Personal details
- Born: 21 October 1952 (age 73) London, England
- Denomination: Anglican
- Occupation: Priest, army chaplain
- Alma mater: Trinity College, Cambridge Westcott House, Cambridge

= David Reindorp =

English Anglican priest

David Reindorp TD DL (born 21 October 1952) is an English Anglican priest who was the incumbent of Chelsea Old Church in London from 2006 to 2021.

== Biography ==
Reindorp was born in Westminster, England to the Right Reverend George Reindorp (Bishop of Guildford and Salisbury) and Alix Edington. Reindorp spent several of his early years in South Africa before returning to attend Lancing College in West Sussex. After a brief time as an insurance broker for Lloyd's of London, he worked as a social worker before attending Trinity College, Cambridge and Westcott House, Cambridge. He was ordained as a priest in the Diocese of Ely in 1982.

Reindorp had curacies in Cambridge and in Hitchin, Hertfordshire, before becoming Vicar of St John the Evangelist, Waterbeach, Cambridgeshire in 1988 followed by an incumbency in a church of the same name in the centre of Cambridge.
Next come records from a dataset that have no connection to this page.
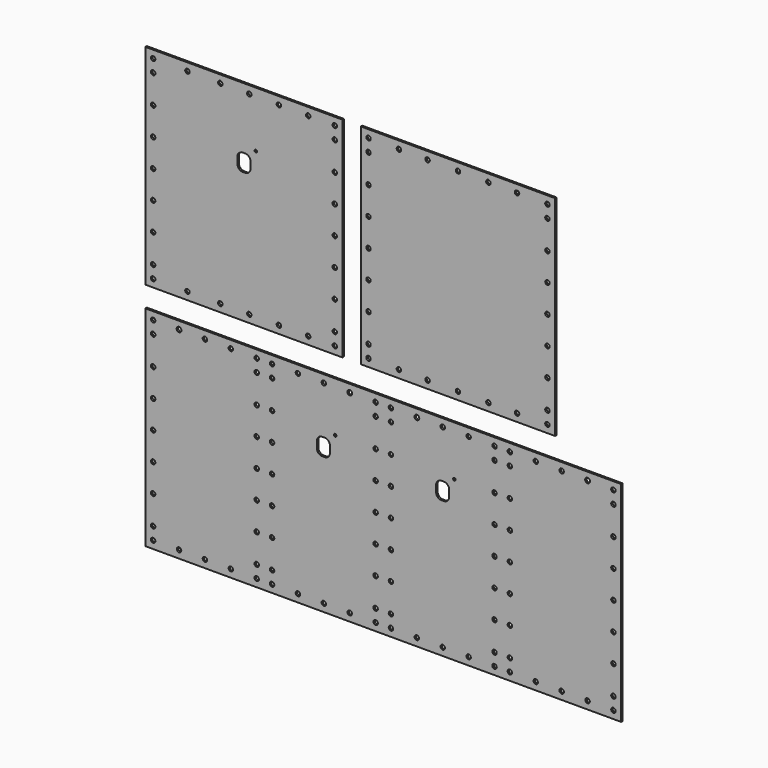
from build123d import *

# Parameters (mm, degrees)
F0_W     = 55.9308
F0_H     = 59.436
F0_R     = 0.6346933747
F0_R_2   = 0.6340066136
F0_R_3   = 0.6346542533
F0_R_4   = 0.6409040832
F0_R_5   = 0.6313502178
F0_R_6   = 0.6353923968
F0_R_7   = 0.6362020178
F0_R_8   = 0.6341762199
F0_R_9   = 0.6400206309
F0_R_10  = 0.6301156211
F0_W_2   = 3.7084
F0_H_2   = 4.8688254319
F0_R_11  = 0.3654620735
F1_DEPTH = 0.508
F0_W_3   = 55.1616173283
F0_R_12  = 0.637396124
F0_R_13  = 0.64076147
F0_R_14  = 0.6317096754
F0_W_4   = 33.7590776429
F0_R_15  = 0.634841213
F0_R_16  = 0.6334235986
F0_R_17  = 0.6322398512
F0_R_18  = 0.6856754437
F0_R_19  = 0.6353259381
F0_R_20  = 0.633153781
F2_R     = 1.524
F2_2_R   = 1.524


# Not quite as in the source:
# - two fillets or chamfers of one size are made in one step
# - a feature names something its author has since deleted; it is built from what else it names


with BuildPart() as f1:
    # F0 (on Front) → F1 (new body)
    with BuildSketch(Plane.XZ):
        Rectangle(F0_W, F0_H)
        with Locations((-25.786973536, -27.529258281)):
            Circle(F0_R, mode=Mode.SUBTRACT)
        with Locations((-16.0492006689, -27.529258281)):
            Circle(F0_R_2, mode=Mode.SUBTRACT)
        with Locations((-25.786973536, -23.9813886583)):
            Circle(F0_R_3, mode=Mode.SUBTRACT)
        with Locations((-6.7217010073, -27.529258281)):
            Circle(F0_R_4, mode=Mode.SUBTRACT)
        with Locations((1.5105993953, -27.529258281)):
            Circle(F0_R_5, mode=Mode.SUBTRACT)
        with Locations((-25.786973536, -15.8626604825)):
            Circle(F0_R_6, mode=Mode.SUBTRACT)
        with Locations((-25.786973536, -7.9313302413)):
            Circle(F0_R_7, mode=Mode.SUBTRACT)
        with Locations((9.9152876064, -27.529258281)):
            Circle(F0_R_8, mode=Mode.SUBTRACT)
        with Locations((18.2363782078, -27.529258281)):
            Circle(F0_R_9, mode=Mode.SUBTRACT)
        with Locations((25.786973536, -27.529258281)):
            Circle(F0_R, mode=Mode.SUBTRACT)
        with Locations((25.786973536, -23.9813886583)):
            Circle(F0_R_3, mode=Mode.SUBTRACT)
        with Locations((25.786973536, -15.8626604825)):
            Circle(F0_R_6, mode=Mode.SUBTRACT)
        with Locations((25.786973536, -7.9313302413)):
            Circle(F0_R_7, mode=Mode.SUBTRACT)
        with Locations((-25.786973536, 0)):
            Circle(F0_R_10, mode=Mode.SUBTRACT)
        with Locations((-25.786973536, 7.9313302413)):
            Circle(F0_R_7, mode=Mode.SUBTRACT)
        with Locations((0, 9.8690085579)):
            Rectangle(F0_W_2, F0_H_2, mode=Mode.SUBTRACT)
        with Locations((3.3375578932, 13.8644073159)):
            Circle(F0_R_11, mode=Mode.SUBTRACT)
        with Locations((-25.786973536, 15.8626604825)):
            Circle(F0_R_6, mode=Mode.SUBTRACT)
        with Locations((-25.786973536, 23.9813886583)):
            Circle(F0_R_3, mode=Mode.SUBTRACT)
        with Locations((-25.786973536, 27.529258281)):
            Circle(F0_R, mode=Mode.SUBTRACT)
        with Locations((-16.0492006689, 27.529258281)):
            Circle(F0_R_2, mode=Mode.SUBTRACT)
        with Locations((-6.7217010073, 27.529258281)):
            Circle(F0_R_4, mode=Mode.SUBTRACT)
        with Locations((1.5105993953, 27.529258281)):
            Circle(F0_R_5, mode=Mode.SUBTRACT)
        with Locations((25.786973536, 0)):
            Circle(F0_R_10, mode=Mode.SUBTRACT)
        with Locations((25.786973536, 7.9313302413)):
            Circle(F0_R_7, mode=Mode.SUBTRACT)
        with Locations((9.9152876064, 27.529258281)):
            Circle(F0_R_8, mode=Mode.SUBTRACT)
        with Locations((18.2363782078, 27.529258281)):
            Circle(F0_R_9, mode=Mode.SUBTRACT)
        with Locations((25.786973536, 15.8626604825)):
            Circle(F0_R_6, mode=Mode.SUBTRACT)
        with Locations((25.786973536, 23.9813886583)):
            Circle(F0_R_3, mode=Mode.SUBTRACT)
        with Locations((25.786973536, 27.529258281)):
            Circle(F0_R, mode=Mode.SUBTRACT)
    extrude(amount=F1_DEPTH)

    # F2
    f2_edges = [f1.edges().sort_by_distance(p)[0] for p in [
        (-1.8542, -0.254, 12.303421),
        (-1.8542, -0.254, 7.434596),
        (1.8542, -0.254, 12.303421),
        (1.8542, -0.254, 7.434596),
    ]]
    fillet(f2_edges, radius=F2_R)


with BuildPart() as f1b:
    # F0 (on Front) → F1, piece 2 (new body)
    with BuildSketch(Plane.XZ):
        with Locations((60.7584604971, 0)):
            Rectangle(F0_W_3, F0_H)
        with Locations((35.3560782969, -27.529258281)):
            Circle(F0_R, mode=Mode.SUBTRACT)
        with Locations((35.3560782969, -23.9813886583)):
            Circle(F0_R_3, mode=Mode.SUBTRACT)
        with Locations((35.3560782969, -15.8626604825)):
            Circle(F0_R_6, mode=Mode.SUBTRACT)
        with Locations((35.3560782969, -7.9313302413)):
            Circle(F0_R_7, mode=Mode.SUBTRACT)
        with Locations((35.3560782969, 0)):
            Circle(F0_R_10, mode=Mode.SUBTRACT)
        with Locations((35.3560782969, 7.9313302413)):
            Circle(F0_R_7, mode=Mode.SUBTRACT)
        with Locations((35.3560782969, 15.8626604825)):
            Circle(F0_R_6, mode=Mode.SUBTRACT)
        with Locations((35.3560782969, 23.9813886583)):
            Circle(F0_R_3, mode=Mode.SUBTRACT)
        with Locations((35.3560782969, 27.529258281)):
            Circle(F0_R, mode=Mode.SUBTRACT)
        with Locations((43.9898818731, -27.529258281)):
            Circle(F0_R_12, mode=Mode.SUBTRACT)
        with Locations((52.1195158362, -27.529258281)):
            Circle(F0_R_13, mode=Mode.SUBTRACT)
        with Locations((60.7584604971, -27.529258281)):
            Circle(F0_R_14, mode=Mode.SUBTRACT)
        with Locations((69.3974051579, -27.529258281)):
            Circle(F0_R_13, mode=Mode.SUBTRACT)
        with Locations((77.527039121, -27.529258281)):
            Circle(F0_R_12, mode=Mode.SUBTRACT)
        with Locations((86.1608426972, -27.529258281)):
            Circle(F0_R, mode=Mode.SUBTRACT)
        with Locations((86.1608426972, -23.9813886583)):
            Circle(F0_R_3, mode=Mode.SUBTRACT)
        with Locations((86.1608426972, -15.8626604825)):
            Circle(F0_R_6, mode=Mode.SUBTRACT)
        with Locations((86.1608426972, -7.9313302413)):
            Circle(F0_R_7, mode=Mode.SUBTRACT)
        with Locations((43.9898818731, 27.529258281)):
            Circle(F0_R_12, mode=Mode.SUBTRACT)
        with Locations((52.1195158362, 27.529258281)):
            Circle(F0_R_13, mode=Mode.SUBTRACT)
        with Locations((60.7584604971, 27.529258281)):
            Circle(F0_R_14, mode=Mode.SUBTRACT)
        with Locations((69.3974051579, 27.529258281)):
            Circle(F0_R_13, mode=Mode.SUBTRACT)
        with Locations((86.1608426972, 0)):
            Circle(F0_R_10, mode=Mode.SUBTRACT)
        with Locations((86.1608426972, 7.9313302413)):
            Circle(F0_R_7, mode=Mode.SUBTRACT)
        with Locations((86.1608426972, 15.8626604825)):
            Circle(F0_R_6, mode=Mode.SUBTRACT)
        with Locations((77.527039121, 27.529258281)):
            Circle(F0_R_12, mode=Mode.SUBTRACT)
        with Locations((86.1608426972, 23.9813886583)):
            Circle(F0_R_3, mode=Mode.SUBTRACT)
        with Locations((86.1608426972, 27.529258281)):
            Circle(F0_R, mode=Mode.SUBTRACT)
    extrude(amount=F1_DEPTH)


with BuildPart() as f1c:
    # F0 (on Front) → F1, piece 3 (new body)
    with BuildSketch(Plane.XZ):
        with Locations((-11.0858611785, -65.3589367867)):
            Rectangle(F0_W_4, F0_H)
        with Locations((-25.786973536, -92.8881950676)):
            Circle(F0_R, mode=Mode.SUBTRACT)
        with Locations((-25.786973536, -89.3403254449)):
            Circle(F0_R_3, mode=Mode.SUBTRACT)
        with Locations((-18.4364173573, -92.8881950676)):
            Circle(F0_R_15, mode=Mode.SUBTRACT)
        with Locations((-25.786973536, -81.2215972692)):
            Circle(F0_R_6, mode=Mode.SUBTRACT)
        with Locations((-11.0858611785, -92.8881950676)):
            Circle(F0_R_16, mode=Mode.SUBTRACT)
        with Locations((-3.7353049998, -92.8881950676)):
            Circle(F0_R_17, mode=Mode.SUBTRACT)
        with Locations((3.615251179, -92.8881950676)):
            Circle(F0_R, mode=Mode.SUBTRACT)
        with Locations((3.615251179, -89.3403254449)):
            Circle(F0_R_3, mode=Mode.SUBTRACT)
        with Locations((3.615251179, -81.2215972692)):
            Circle(F0_R_6, mode=Mode.SUBTRACT)
        with Locations((-25.786973536, -73.2902670279)):
            Circle(F0_R_7, mode=Mode.SUBTRACT)
        with Locations((-25.786973536, -65.3589367867)):
            Circle(F0_R_10, mode=Mode.SUBTRACT)
        with Locations((3.615251179, -73.2902670279)):
            Circle(F0_R_7, mode=Mode.SUBTRACT)
        with Locations((3.615251179, -65.3589367867)):
            Circle(F0_R_10, mode=Mode.SUBTRACT)
        with Locations((-25.786973536, -57.4276065454)):
            Circle(F0_R_7, mode=Mode.SUBTRACT)
        with Locations((-25.786973536, -49.4962763041)):
            Circle(F0_R_6, mode=Mode.SUBTRACT)
        with Locations((3.615251179, -57.4276065454)):
            Circle(F0_R_7, mode=Mode.SUBTRACT)
        with Locations((3.615251179, -49.4962763041)):
            Circle(F0_R_6, mode=Mode.SUBTRACT)
        with Locations((-25.786973536, -41.3775481284)):
            Circle(F0_R_3, mode=Mode.SUBTRACT)
        with Locations((-25.786973536, -37.8296785057)):
            Circle(F0_R, mode=Mode.SUBTRACT)
        with Locations((-18.4364173573, -37.8296785057)):
            Circle(F0_R_18, mode=Mode.SUBTRACT)
        with Locations((3.615251179, -41.3775481284)):
            Circle(F0_R_3, mode=Mode.SUBTRACT)
        with Locations((-11.0858611785, -37.8296785057)):
            Circle(F0_R_19, mode=Mode.SUBTRACT)
        with Locations((-3.7353049998, -37.8296785057)):
            Circle(F0_R_20, mode=Mode.SUBTRACT)
        with Locations((3.615251179, -37.8296785057)):
            Circle(F0_R, mode=Mode.SUBTRACT)
        with Locations((22.6732164644, -65.3589367867)):
            Rectangle(F0_W_4, F0_H)
        with Locations((7.9721041069, -92.8881950676)):
            Circle(F0_R, mode=Mode.SUBTRACT)
        with Locations((7.9721041069, -89.3403254449)):
            Circle(F0_R_3, mode=Mode.SUBTRACT)
        with Locations((15.3226602857, -92.8881950676)):
            Circle(F0_R_17, mode=Mode.SUBTRACT)
        with Locations((7.9721041069, -81.2215972692)):
            Circle(F0_R_6, mode=Mode.SUBTRACT)
        with Locations((22.6732164644, -92.8881950676)):
            Circle(F0_R_16, mode=Mode.SUBTRACT)
        with Locations((30.0237726432, -92.8881950676)):
            Circle(F0_R_15, mode=Mode.SUBTRACT)
        with Locations((37.3743288219, -92.8881950676)):
            Circle(F0_R, mode=Mode.SUBTRACT)
        with Locations((37.3743288219, -89.3403254449)):
            Circle(F0_R_3, mode=Mode.SUBTRACT)
        with Locations((37.3743288219, -81.2215972692)):
            Circle(F0_R_6, mode=Mode.SUBTRACT)
        with Locations((7.9721041069, -73.2902670279)):
            Circle(F0_R_7, mode=Mode.SUBTRACT)
        with Locations((7.9721041069, -65.3589367867)):
            Circle(F0_R_10, mode=Mode.SUBTRACT)
        with Locations((37.3743288219, -73.2902670279)):
            Circle(F0_R_7, mode=Mode.SUBTRACT)
        with Locations((37.3743288219, -65.3589367867)):
            Circle(F0_R_10, mode=Mode.SUBTRACT)
        with Locations((7.9721041069, -57.4276065454)):
            Circle(F0_R_7, mode=Mode.SUBTRACT)
        with Locations((7.9721041069, -49.4962763041)):
            Circle(F0_R_6, mode=Mode.SUBTRACT)
        with Locations((22.5496747531, -53.8332623895)):
            Rectangle(F0_W_2, F0_H_2, mode=Mode.SUBTRACT)
        with Locations((37.3743288219, -57.4276065454)):
            Circle(F0_R_7, mode=Mode.SUBTRACT)
        with Locations((25.8872326463, -49.8378636315)):
            Circle(F0_R_11, mode=Mode.SUBTRACT)
        with Locations((37.3743288219, -49.4962763041)):
            Circle(F0_R_6, mode=Mode.SUBTRACT)
        with Locations((7.9721041069, -41.3775481284)):
            Circle(F0_R_3, mode=Mode.SUBTRACT)
        with Locations((7.9721041069, -37.8296785057)):
            Circle(F0_R, mode=Mode.SUBTRACT)
        with Locations((15.3226602857, -37.8296785057)):
            Circle(F0_R_20, mode=Mode.SUBTRACT)
        with Locations((37.3743288219, -41.3775481284)):
            Circle(F0_R_3, mode=Mode.SUBTRACT)
        with Locations((22.6732164644, -37.8296785057)):
            Circle(F0_R_19, mode=Mode.SUBTRACT)
        with Locations((30.0237726432, -37.8296785057)):
            Circle(F0_R_18, mode=Mode.SUBTRACT)
        with Locations((37.3743288219, -37.8296785057)):
            Circle(F0_R, mode=Mode.SUBTRACT)
        with Locations((56.4322941074, -65.3589367867)):
            Rectangle(F0_W_4, F0_H)
        with Locations((41.7311817499, -92.8881950676)):
            Circle(F0_R, mode=Mode.SUBTRACT)
        with Locations((41.7311817499, -89.3403254449)):
            Circle(F0_R_3, mode=Mode.SUBTRACT)
        with Locations((49.0817379286, -92.8881950676)):
            Circle(F0_R_15, mode=Mode.SUBTRACT)
        with Locations((41.7311817499, -81.2215972692)):
            Circle(F0_R_6, mode=Mode.SUBTRACT)
        with Locations((56.4322941074, -92.8881950676)):
            Circle(F0_R_16, mode=Mode.SUBTRACT)
        with Locations((63.7828502861, -92.8881950676)):
            Circle(F0_R_17, mode=Mode.SUBTRACT)
        with Locations((71.1334064648, -92.8881950676)):
            Circle(F0_R, mode=Mode.SUBTRACT)
        with Locations((71.1334064648, -89.3403254449)):
            Circle(F0_R_3, mode=Mode.SUBTRACT)
        with Locations((71.1334064648, -81.2215972692)):
            Circle(F0_R_6, mode=Mode.SUBTRACT)
        with Locations((41.7311817499, -73.2902670279)):
            Circle(F0_R_7, mode=Mode.SUBTRACT)
        with Locations((41.7311817499, -65.3589367867)):
            Circle(F0_R_10, mode=Mode.SUBTRACT)
        with Locations((71.1334064648, -73.2902670279)):
            Circle(F0_R_7, mode=Mode.SUBTRACT)
        with Locations((71.1334064648, -65.3589367867)):
            Circle(F0_R_10, mode=Mode.SUBTRACT)
        with Locations((41.7311817499, -57.4276065454)):
            Circle(F0_R_7, mode=Mode.SUBTRACT)
        with Locations((41.7311817499, -49.4962763041)):
            Circle(F0_R_6, mode=Mode.SUBTRACT)
        with Locations((56.408532802, -53.8214271422)):
            Rectangle(F0_W_2, F0_H_2, mode=Mode.SUBTRACT)
        with Locations((71.1334064648, -57.4276065454)):
            Circle(F0_R_7, mode=Mode.SUBTRACT)
        with Locations((59.7460906953, -49.8260283843)):
            Circle(F0_R_11, mode=Mode.SUBTRACT)
        with Locations((71.1334064648, -49.4962763041)):
            Circle(F0_R_6, mode=Mode.SUBTRACT)
        with Locations((41.7311817499, -41.3775481284)):
            Circle(F0_R_3, mode=Mode.SUBTRACT)
        with Locations((41.7311817499, -37.8296785057)):
            Circle(F0_R, mode=Mode.SUBTRACT)
        with Locations((49.0817379286, -37.8296785057)):
            Circle(F0_R_18, mode=Mode.SUBTRACT)
        with Locations((71.1334064648, -41.3775481284)):
            Circle(F0_R_3, mode=Mode.SUBTRACT)
        with Locations((56.4322941074, -37.8296785057)):
            Circle(F0_R_19, mode=Mode.SUBTRACT)
        with Locations((63.7828502861, -37.8296785057)):
            Circle(F0_R_20, mode=Mode.SUBTRACT)
        with Locations((71.1334064648, -37.8296785057)):
            Circle(F0_R, mode=Mode.SUBTRACT)
        with Locations((90.1913717503, -65.3589367867)):
            Rectangle(F0_W_4, F0_H)
        with Locations((75.4902593928, -92.8881950676)):
            Circle(F0_R, mode=Mode.SUBTRACT)
        with Locations((75.4902593928, -89.3403254449)):
            Circle(F0_R_3, mode=Mode.SUBTRACT)
        with Locations((82.8408155716, -92.8881950676)):
            Circle(F0_R_17, mode=Mode.SUBTRACT)
        with Locations((75.4902593928, -81.2215972692)):
            Circle(F0_R_6, mode=Mode.SUBTRACT)
        with Locations((90.1913717503, -92.8881950676)):
            Circle(F0_R_16, mode=Mode.SUBTRACT)
        with Locations((97.541927929, -92.8881950676)):
            Circle(F0_R_15, mode=Mode.SUBTRACT)
        with Locations((104.8924841078, -92.8881950676)):
            Circle(F0_R, mode=Mode.SUBTRACT)
        with Locations((104.8924841078, -89.3403254449)):
            Circle(F0_R_3, mode=Mode.SUBTRACT)
        with Locations((104.8924841078, -81.2215972692)):
            Circle(F0_R_6, mode=Mode.SUBTRACT)
        with Locations((75.4902593928, -73.2902670279)):
            Circle(F0_R_7, mode=Mode.SUBTRACT)
        with Locations((75.4902593928, -65.3589367867)):
            Circle(F0_R_10, mode=Mode.SUBTRACT)
        with Locations((104.8924841078, -73.2902670279)):
            Circle(F0_R_7, mode=Mode.SUBTRACT)
        with Locations((104.8924841078, -65.3589367867)):
            Circle(F0_R_10, mode=Mode.SUBTRACT)
        with Locations((75.4902593928, -57.4276065454)):
            Circle(F0_R_7, mode=Mode.SUBTRACT)
        with Locations((75.4902593928, -49.4962763041)):
            Circle(F0_R_6, mode=Mode.SUBTRACT)
        with Locations((104.8924841078, -57.4276065454)):
            Circle(F0_R_7, mode=Mode.SUBTRACT)
        with Locations((104.8924841078, -49.4962763041)):
            Circle(F0_R_6, mode=Mode.SUBTRACT)
        with Locations((75.4902593928, -41.3775481284)):
            Circle(F0_R_3, mode=Mode.SUBTRACT)
        with Locations((75.4902593928, -37.8296785057)):
            Circle(F0_R, mode=Mode.SUBTRACT)
        with Locations((82.8408155716, -37.8296785057)):
            Circle(F0_R_20, mode=Mode.SUBTRACT)
        with Locations((104.8924841078, -41.3775481284)):
            Circle(F0_R_3, mode=Mode.SUBTRACT)
        with Locations((90.1913717503, -37.8296785057)):
            Circle(F0_R_19, mode=Mode.SUBTRACT)
        with Locations((97.541927929, -37.8296785057)):
            Circle(F0_R_18, mode=Mode.SUBTRACT)
        with Locations((104.8924841078, -37.8296785057)):
            Circle(F0_R, mode=Mode.SUBTRACT)
    extrude(amount=F1_DEPTH)

    # F2#2
    f2_2_edges = [f1c.edges().sort_by_distance(p)[0] for p in [
        (20.695475, -0.254, -51.39885),
        (24.403875, -0.254, -51.39885),
        (24.403875, -0.254, -56.267675),
        (20.695475, -0.254, -56.267675),
        (54.554333, -0.254, -51.387014),
        (58.262733, -0.254, -51.387014),
        (58.262733, -0.254, -56.25584),
        (54.554333, -0.254, -56.25584),
    ]]
    fillet(f2_2_edges, radius=F2_2_R)


solid = Compound([f1.part, f1b.part, f1c.part])

He was made an honorary canon of Ely Cathedral in March 2005.

Reindorp was inducted as the Vicar of Chelsea Old Church, one of London's oldest churches, situated on the bank of the River Thames in the affluent area of Chelsea. He was padre to the Honourable Artillery Company, the oldest regiment in the British Army, holding the rank of major, and to the Worshipful Company of Fan Makers.

Reindorp developed a reputation as a public speaker with talks such as "Millionaire or Bust" which charted his career from shipping broker to priest. He has also appeared in several reality television programmes in England, including Bad Lads' Army in which he had the role of an army chaplain.

== Personal life ==
Reindorp married Suzy Moir, a psychotherapist and daughter of Guthrie Moir, one of the founders of Independent Television, in Salisbury Cathedral in 1974. The couple were married by Reindorp's father, Bishop George Reindorp. They have three children.

The Reindorp family currently live in their home on Cheyne Walk in Chelsea, London.